893564 - Viral Encryption

Status: UNCONFIRMED

(Thunderbird :: Security, enhancement)

Description

[Thorsten Sick]

User Agent: Mozilla/5.0 (X11; Ubuntu; Linux x86_64; rv:22.0) Gecko/20100101 Firefox/22.0 (Beta/Release)
Build ID: 20130627161625



Actual results:

One of the issues of Public Key Mail encryption seems to be that someone_else has to do some extra effort for me to get an encrypted mail.



Expected results:

To solve that, Some small improvements in the applications would change the workflow and make encryption "viral".
1) If I created a key, the mail header of my mails contain a flag indicating I want encrypted mail with a specific key
2) If someone elses Thunderbird receives a mail with that header, it offers the user to install engimail
3) On installation there is the option for that user to create a own key ("Two of you friends encrypt. Do you also want to do that ?")
4) My key is downloaded from a public key server
5) The address book gets the marker that I want encrypted messages (with the given key)
6) Now all communication between me and my friend is encrypted without extra work on the other side

This can spread.

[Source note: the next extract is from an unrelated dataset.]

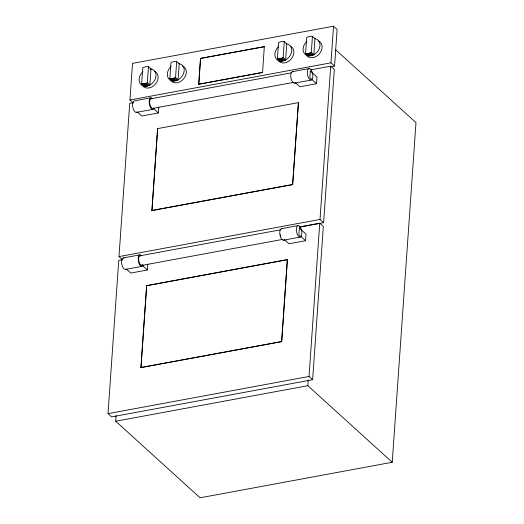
<?xml version="1.0" encoding="UTF-8"?>
<svg xmlns="http://www.w3.org/2000/svg" width="524" height="524" viewBox="0 0 524 524"><rect width="100%" height="100%" fill="white"/><g stroke="black" fill="none" stroke-linecap="round" stroke-linejoin="round"><path stroke-width="0.79" d="M299.643 226.931L319.745 223.217L323.341 226.473L312.625 379.723L111.612 416.901L108.016 413.639L118.732 260.395L122.754 259.649M122.59 259.865L119 256.603L129.716 103.359L133.738 102.612M132.945 102.711L129.952 99.992L132.513 63.378L333.526 26.2L337.115 29.455L334.554 66.076L330.533 66.817M335.799 49.891L415.984 122.636L392.234 462.26L200.089 497.8L115.686 421.231L116.086 415.519M141.637 83.794L142.757 67.734L145.659 66.699L148.482 66.672L150.991 68.945L149.864 85.006L146.969 86.041L144.146 86.067L141.637 83.794L144.46 83.768L147.362 82.733L148.482 66.672M126.35 269.009L130.81 273.05L147.408 269.984L147.82 264.109M137.327 111.972L141.788 116.02L158.392 112.948L158.798 107.073M140.917 367.553L146.648 285.639L287.368 259.609L281.716 341.589L140.917 367.553L281.716 341.589M151.901 210.517L157.626 128.603L298.425 102.638L292.693 184.553L151.901 210.517L292.693 184.553M140.989 367.619L146.648 285.639M151.973 210.583L157.626 128.603M178.278 63.627L179.188 63.732L178.068 79.792L175.173 80.827L172.344 80.847L169.842 78.574L170.962 62.52L173.857 61.485L176.686 61.459L179.188 63.732A9.583 7.421 -47.8 0 1 182.712 75.318A9.583 7.421 -47.8 0 1 169.711 79.707A9.583 7.421 -47.8 0 1 171.099 66.469M178.068 79.792L175.56 77.519L176.686 61.459M264.312 46.61L262.583 72.456L198.76 84.259L200.489 58.413L264.384 46.675L200.489 58.413M198.76 84.259L200.561 58.478M277.406 58.681L278.532 42.621L281.427 41.586L284.25 41.566L286.759 43.839L285.632 59.893L282.737 60.928L279.914 60.954L277.406 58.681L280.235 58.655L283.13 57.62L284.25 41.566M281.643 341.524L287.368 259.609M292.621 184.487L298.425 102.638M314.957 38.619L313.837 54.679L310.942 55.714L308.112 55.74L305.61 53.468L306.73 37.407L309.632 36.372L312.455 36.346L314.957 38.619A9.583 7.421 -47.8 0 1 318.487 50.212A9.583 7.421 -47.8 0 1 305.479 54.594A9.583 7.421 -47.8 0 1 306.868 41.363M313.837 54.679L311.328 52.407L312.455 36.346M305.564 240.732L306.023 234.123L299.335 228.058L298.877 234.667L305.564 240.732L288.96 243.804L284.506 239.756M316.542 83.696L317.007 77.087L310.319 71.022L309.854 77.631L316.542 83.696L299.944 86.768L295.484 82.72M392.234 462.26L307.83 385.697L308.23 379.979M312.625 379.723L309.029 376.461L319.745 223.217M319.581 223.427L323.603 222.687L320.013 219.425L330.729 66.181L310.627 69.902M334.554 66.076L330.965 62.815L333.526 26.2M323.603 222.687L334.319 69.437L330.729 66.181M169.842 78.574L172.665 78.554L175.56 77.519M305.61 53.468L308.433 53.441L311.328 52.407M198.688 84.194L262.583 72.456M129.952 99.992L330.965 62.815M150.879 97.824L134.275 100.89A5.849 2.594 79.5 0 0 132.932 107.846A5.849 2.594 79.5 0 0 137.013 112.09M292.431 71.644L309.036 68.572M291.796 72.725L151.05 98.754A4.906 2.175 79.5 0 0 149.923 104.584A4.906 2.175 79.5 0 0 153.342 108.134M152.818 108.396L293.564 82.366M136.384 112.398L152.988 109.333M294.54 83.152L311.145 80.08A5.849 2.594 79.5 0 0 311.773 71.054A5.849 2.594 79.5 0 0 307.346 71.84A5.849 2.594 79.5 0 0 311.145 80.08M119 256.603L320.013 219.425M123.297 257.926L139.895 254.854M281.447 228.674L298.051 225.608M140.065 255.791L280.818 229.754M299.479 227.147L317.976 223.728M141.834 265.432L282.587 239.403M125.406 269.434L142.004 266.362M283.563 240.182L300.16 237.117A5.849 2.594 79.5 0 0 300.789 228.091A5.849 2.594 79.5 0 0 296.368 228.877A5.849 2.594 79.5 0 0 300.16 237.117M146.72 285.704L287.44 259.675M108.016 413.639L309.029 376.461M115.686 421.231L307.83 385.697M150.074 68.841L150.991 68.945M310.378 52.859L312.887 55.131M309.409 53.206L311.918 55.479M308.433 53.441L310.942 55.714M307.47 53.566L309.972 55.839M306.52 53.572L309.029 55.845M283.13 57.62L285.632 59.893M282.174 58.072L284.683 60.345M281.205 58.419L283.713 60.692M280.235 58.655L282.737 60.928M279.266 58.78L281.774 61.053M278.323 58.786L280.825 61.059M174.61 77.971L177.119 80.244M173.641 78.312L176.143 80.585M172.665 78.554L175.173 80.827M171.702 78.672L174.204 80.945M170.752 78.685L173.261 80.958M147.362 82.733L149.864 85.006M146.406 83.185L148.914 85.458M145.436 83.532L147.945 85.805M144.46 83.768L146.969 86.041M143.497 83.892L146 86.165M142.548 83.899L145.056 86.172M153.375 108.396L158.392 112.948M141.834 264.928L147.408 269.984M295.169 82.838A5.849 2.594 79.5 0 1 290.931 77.847A5.849 2.594 79.5 0 1 293.126 71.722M154.122 108.33A5.849 2.594 79.5 0 1 149.379 104.027A5.849 2.594 79.5 0 1 152.294 98.368M284.185 239.874A5.849 2.594 79.5 0 1 279.947 234.883A5.849 2.594 79.5 0 1 282.148 228.759M142.79 264.6A4.906 2.175 79.5 0 1 138.945 261.614A4.906 2.175 79.5 0 1 140.655 255.856M280.668 236.042A4.906 2.175 79.5 0 1 280.366 234.811M126.029 269.12A5.849 2.594 79.5 0 1 121.797 264.135A5.849 2.594 79.5 0 1 123.992 258.005M143.144 265.367A5.849 2.594 79.5 0 1 138.395 261.063A5.849 2.594 79.5 0 1 141.316 255.404M318.382 40.918A9.583 7.421 -47.8 0 1 319.195 54.018A9.583 7.421 -47.8 0 1 306.029 54.706M286.097 43.747A9.583 7.421 -47.8 0 1 290.551 54.948A9.583 7.421 -47.8 0 1 277.451 59.939A9.583 7.421 -47.8 0 1 278.67 46.577M290.178 46.132A9.583 7.421 -47.8 0 1 290.99 59.232A9.583 7.421 -47.8 0 1 277.825 59.926M182.614 66.031A9.583 7.421 -47.8 0 1 183.42 79.131A9.583 7.421 -47.8 0 1 170.261 79.818M150.329 68.86A9.583 7.421 -47.8 0 1 154.783 80.061A9.583 7.421 -47.8 0 1 141.677 85.045A9.583 7.421 -47.8 0 1 142.895 71.69M154.41 71.244A9.583 7.421 -47.8 0 1 155.222 84.344A9.583 7.421 -47.8 0 1 142.056 85.032"/></g></svg>

If my friend now uses encryption he also infects others :-)

Goals is to reduce extra work on the other side that sends me encypted mail that I want.

I very well know that the key is not verified yet. That is another issue.

All that is already discussed in Engimail. See:

http://sourceforge.net/p/enigmail/bugs/151/

And in the mozilla.dev.apps.thunderbird

Comment 1

[Thorsten Sick]

Hi

I wrote a POC add-on.

https://github.com/Thorsten-Sick/viral_encryption

Comment 2

[raoul bhatia]

One thought (in reference to the mailing list thread): Maybe it would help to start with validating GPG signatures first and expand to full encryption later?

Comment 3

[Joshua Cranmer [:jcranmer]]

In general, we prefer that bug reports are tailored to specific issues rather than catch-alls.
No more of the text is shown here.